Trade flows are slowing as the global economy slows. At the same time, geopolitical risks are fragmenting trade relations. In the short term, increased counterparty risk due to the economic slowdown is expected to support prices, hence the growth of trade credit insurance. In the longer term, demand for trade credit insurance will increase as new supply chain contracts take shape and restructuring and shoring-up activities continue.

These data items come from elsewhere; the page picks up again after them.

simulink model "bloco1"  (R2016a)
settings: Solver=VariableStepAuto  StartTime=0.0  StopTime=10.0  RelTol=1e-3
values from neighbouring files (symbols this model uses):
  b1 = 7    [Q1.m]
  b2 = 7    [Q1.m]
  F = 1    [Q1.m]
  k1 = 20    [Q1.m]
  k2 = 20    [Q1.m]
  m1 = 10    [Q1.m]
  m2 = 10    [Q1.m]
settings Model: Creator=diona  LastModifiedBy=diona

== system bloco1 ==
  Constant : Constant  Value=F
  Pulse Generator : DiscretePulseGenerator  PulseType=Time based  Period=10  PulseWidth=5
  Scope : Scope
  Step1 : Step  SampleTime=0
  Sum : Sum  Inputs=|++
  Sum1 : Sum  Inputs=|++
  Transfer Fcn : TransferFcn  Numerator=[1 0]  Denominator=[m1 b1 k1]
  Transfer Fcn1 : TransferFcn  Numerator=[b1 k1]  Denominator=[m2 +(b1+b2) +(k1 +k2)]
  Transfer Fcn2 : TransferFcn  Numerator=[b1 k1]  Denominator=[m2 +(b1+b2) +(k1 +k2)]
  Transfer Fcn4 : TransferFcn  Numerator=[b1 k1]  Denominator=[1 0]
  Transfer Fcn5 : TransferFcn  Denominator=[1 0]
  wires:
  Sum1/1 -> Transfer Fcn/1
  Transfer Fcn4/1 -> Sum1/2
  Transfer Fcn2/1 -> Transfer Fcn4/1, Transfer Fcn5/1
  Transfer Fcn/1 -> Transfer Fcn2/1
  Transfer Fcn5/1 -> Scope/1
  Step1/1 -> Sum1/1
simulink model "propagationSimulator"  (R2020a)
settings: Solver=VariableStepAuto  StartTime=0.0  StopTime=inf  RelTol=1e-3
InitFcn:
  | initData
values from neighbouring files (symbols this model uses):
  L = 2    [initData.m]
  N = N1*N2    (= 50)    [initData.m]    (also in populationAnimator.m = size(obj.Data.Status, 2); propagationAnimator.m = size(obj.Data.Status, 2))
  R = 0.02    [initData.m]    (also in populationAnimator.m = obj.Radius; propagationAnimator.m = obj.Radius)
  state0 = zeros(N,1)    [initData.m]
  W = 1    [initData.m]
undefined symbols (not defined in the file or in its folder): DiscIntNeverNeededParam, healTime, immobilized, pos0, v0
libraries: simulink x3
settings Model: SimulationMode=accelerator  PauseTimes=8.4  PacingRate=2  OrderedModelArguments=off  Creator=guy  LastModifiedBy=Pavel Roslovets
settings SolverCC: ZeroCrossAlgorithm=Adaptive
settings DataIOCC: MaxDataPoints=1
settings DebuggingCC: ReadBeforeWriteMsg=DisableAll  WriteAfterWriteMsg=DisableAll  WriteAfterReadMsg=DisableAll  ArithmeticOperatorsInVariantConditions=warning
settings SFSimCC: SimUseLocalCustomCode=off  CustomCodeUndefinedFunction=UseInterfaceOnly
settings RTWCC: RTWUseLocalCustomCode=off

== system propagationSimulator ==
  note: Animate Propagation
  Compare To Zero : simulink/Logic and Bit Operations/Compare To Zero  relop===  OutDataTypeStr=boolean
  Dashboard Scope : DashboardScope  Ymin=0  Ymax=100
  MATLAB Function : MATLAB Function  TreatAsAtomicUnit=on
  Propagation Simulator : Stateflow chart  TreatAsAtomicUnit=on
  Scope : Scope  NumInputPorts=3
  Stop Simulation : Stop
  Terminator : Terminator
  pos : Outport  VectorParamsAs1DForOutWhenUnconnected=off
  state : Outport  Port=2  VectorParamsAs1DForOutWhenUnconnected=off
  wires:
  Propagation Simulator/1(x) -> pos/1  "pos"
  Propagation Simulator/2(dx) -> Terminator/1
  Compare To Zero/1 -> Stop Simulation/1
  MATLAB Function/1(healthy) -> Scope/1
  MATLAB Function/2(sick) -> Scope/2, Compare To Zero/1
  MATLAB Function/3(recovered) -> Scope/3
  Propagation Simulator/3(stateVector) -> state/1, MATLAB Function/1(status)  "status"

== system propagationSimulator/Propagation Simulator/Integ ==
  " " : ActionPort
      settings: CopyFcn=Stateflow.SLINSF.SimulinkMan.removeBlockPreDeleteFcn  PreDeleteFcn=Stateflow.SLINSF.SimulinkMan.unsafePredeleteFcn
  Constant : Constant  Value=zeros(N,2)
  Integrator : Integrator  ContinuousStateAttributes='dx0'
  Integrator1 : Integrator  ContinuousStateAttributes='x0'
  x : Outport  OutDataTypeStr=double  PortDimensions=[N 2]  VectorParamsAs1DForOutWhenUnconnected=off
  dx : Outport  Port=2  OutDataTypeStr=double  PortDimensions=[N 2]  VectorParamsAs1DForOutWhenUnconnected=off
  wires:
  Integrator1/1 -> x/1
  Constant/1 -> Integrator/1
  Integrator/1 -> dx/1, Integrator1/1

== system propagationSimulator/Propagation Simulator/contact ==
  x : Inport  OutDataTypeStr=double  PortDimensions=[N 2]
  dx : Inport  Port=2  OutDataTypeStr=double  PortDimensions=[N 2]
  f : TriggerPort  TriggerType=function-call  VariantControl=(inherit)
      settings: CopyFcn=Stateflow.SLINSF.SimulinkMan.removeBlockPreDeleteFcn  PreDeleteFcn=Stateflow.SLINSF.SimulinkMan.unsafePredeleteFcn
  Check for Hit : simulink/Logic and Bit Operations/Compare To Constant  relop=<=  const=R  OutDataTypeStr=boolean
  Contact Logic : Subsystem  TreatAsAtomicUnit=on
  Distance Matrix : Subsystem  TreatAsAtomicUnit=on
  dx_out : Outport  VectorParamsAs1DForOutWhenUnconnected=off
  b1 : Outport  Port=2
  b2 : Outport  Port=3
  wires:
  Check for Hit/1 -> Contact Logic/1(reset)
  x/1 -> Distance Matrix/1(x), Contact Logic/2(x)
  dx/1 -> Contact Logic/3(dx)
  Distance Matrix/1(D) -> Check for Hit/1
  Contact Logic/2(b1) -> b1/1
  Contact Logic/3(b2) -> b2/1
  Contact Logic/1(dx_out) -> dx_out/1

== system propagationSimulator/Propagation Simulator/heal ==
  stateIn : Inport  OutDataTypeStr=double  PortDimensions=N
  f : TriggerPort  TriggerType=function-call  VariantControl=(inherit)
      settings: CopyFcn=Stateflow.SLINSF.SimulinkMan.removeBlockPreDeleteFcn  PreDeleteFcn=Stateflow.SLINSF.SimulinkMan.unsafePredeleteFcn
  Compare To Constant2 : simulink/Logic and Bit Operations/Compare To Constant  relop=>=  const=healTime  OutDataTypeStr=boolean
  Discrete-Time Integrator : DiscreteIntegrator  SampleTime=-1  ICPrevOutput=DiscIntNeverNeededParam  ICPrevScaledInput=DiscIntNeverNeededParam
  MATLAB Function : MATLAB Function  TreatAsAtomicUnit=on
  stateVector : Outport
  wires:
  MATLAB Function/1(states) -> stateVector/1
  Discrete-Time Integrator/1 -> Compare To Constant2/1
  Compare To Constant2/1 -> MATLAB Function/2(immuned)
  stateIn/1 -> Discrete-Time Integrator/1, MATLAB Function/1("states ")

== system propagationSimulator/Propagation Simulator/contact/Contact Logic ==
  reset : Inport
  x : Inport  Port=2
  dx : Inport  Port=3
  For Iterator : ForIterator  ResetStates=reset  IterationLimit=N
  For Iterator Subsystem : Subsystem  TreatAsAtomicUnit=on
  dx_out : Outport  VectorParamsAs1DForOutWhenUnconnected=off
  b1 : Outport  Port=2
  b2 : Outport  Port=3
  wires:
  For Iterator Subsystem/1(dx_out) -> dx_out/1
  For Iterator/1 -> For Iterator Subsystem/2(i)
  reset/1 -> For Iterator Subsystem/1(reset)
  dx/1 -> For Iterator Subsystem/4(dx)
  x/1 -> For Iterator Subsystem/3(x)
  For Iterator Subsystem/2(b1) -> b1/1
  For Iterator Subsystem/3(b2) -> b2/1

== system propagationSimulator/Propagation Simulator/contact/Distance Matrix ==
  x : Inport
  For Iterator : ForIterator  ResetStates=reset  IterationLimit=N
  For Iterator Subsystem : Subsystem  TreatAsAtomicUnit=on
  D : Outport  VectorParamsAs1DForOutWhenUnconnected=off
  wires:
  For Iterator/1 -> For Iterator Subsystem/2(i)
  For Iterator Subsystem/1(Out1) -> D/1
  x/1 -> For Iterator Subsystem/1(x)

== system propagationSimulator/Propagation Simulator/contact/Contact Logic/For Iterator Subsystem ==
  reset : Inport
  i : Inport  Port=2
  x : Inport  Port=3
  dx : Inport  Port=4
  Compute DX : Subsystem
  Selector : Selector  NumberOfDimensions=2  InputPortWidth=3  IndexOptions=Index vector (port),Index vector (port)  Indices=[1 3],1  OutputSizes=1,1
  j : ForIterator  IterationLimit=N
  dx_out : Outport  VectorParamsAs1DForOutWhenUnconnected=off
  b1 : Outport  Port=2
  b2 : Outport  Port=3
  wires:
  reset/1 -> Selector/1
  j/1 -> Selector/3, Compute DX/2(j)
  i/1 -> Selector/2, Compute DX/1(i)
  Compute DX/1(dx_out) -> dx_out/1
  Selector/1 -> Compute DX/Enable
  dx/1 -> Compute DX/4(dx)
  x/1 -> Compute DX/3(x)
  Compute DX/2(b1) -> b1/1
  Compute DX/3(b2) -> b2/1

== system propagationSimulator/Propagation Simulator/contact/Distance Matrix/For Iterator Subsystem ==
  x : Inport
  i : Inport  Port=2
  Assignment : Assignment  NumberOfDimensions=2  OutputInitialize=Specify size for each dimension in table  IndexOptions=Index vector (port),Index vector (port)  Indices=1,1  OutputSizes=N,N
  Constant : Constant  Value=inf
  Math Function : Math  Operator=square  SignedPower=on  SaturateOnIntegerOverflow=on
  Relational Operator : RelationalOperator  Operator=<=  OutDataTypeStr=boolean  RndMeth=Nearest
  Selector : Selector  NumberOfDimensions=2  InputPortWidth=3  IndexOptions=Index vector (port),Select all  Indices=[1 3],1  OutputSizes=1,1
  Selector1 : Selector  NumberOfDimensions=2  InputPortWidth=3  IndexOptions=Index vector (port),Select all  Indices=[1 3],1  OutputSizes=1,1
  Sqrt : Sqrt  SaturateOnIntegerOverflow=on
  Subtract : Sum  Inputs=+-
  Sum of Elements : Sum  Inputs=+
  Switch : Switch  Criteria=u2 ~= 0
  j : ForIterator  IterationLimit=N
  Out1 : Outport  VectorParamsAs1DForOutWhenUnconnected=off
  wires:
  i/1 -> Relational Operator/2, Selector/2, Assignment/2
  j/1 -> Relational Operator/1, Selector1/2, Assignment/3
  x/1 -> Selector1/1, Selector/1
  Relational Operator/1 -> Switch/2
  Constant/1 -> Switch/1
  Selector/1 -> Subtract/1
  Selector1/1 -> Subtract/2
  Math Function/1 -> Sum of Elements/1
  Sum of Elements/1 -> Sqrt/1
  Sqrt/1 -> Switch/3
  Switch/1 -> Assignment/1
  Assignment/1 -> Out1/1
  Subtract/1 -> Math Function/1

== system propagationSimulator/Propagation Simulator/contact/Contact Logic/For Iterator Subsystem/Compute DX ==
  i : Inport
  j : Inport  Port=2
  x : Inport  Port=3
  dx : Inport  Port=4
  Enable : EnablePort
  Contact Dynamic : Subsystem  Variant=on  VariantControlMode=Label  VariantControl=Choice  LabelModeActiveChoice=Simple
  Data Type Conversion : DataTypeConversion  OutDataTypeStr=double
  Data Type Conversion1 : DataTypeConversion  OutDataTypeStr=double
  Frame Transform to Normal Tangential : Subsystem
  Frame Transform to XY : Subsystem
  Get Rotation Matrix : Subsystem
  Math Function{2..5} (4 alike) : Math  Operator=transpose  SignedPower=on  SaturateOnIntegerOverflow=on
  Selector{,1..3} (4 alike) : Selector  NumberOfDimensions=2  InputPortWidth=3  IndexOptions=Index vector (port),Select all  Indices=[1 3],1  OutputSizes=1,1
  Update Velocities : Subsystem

This year’s IMF and World Bank annual meetings come at a time when the world is increasingly in a state of geopolitical flux. Uncertainty prevails, particularly regarding the economic outlook, including trade. In these times of global change, in our view, trade credit insurance can ensure economic resilience. In its latest World Trade Outlook, the WTO cut its forecast for global merchandise trade growth in 2023 to 0.8% from 1.7% in April. This cut is not surprising given the current economic slowdown, which we expect to continue through 2024. Current geopolitical tensions add to the uncertainty. This leads to the fragmentation of existing trade relations, resulting in the signing of new regional, multilateral and bilateral trade agreements. In the longer term, we expect this will make supply chains, especially for intermediate goods, more complex and further increase the usefulness of trade credit insurance in keeping businesses and economies running.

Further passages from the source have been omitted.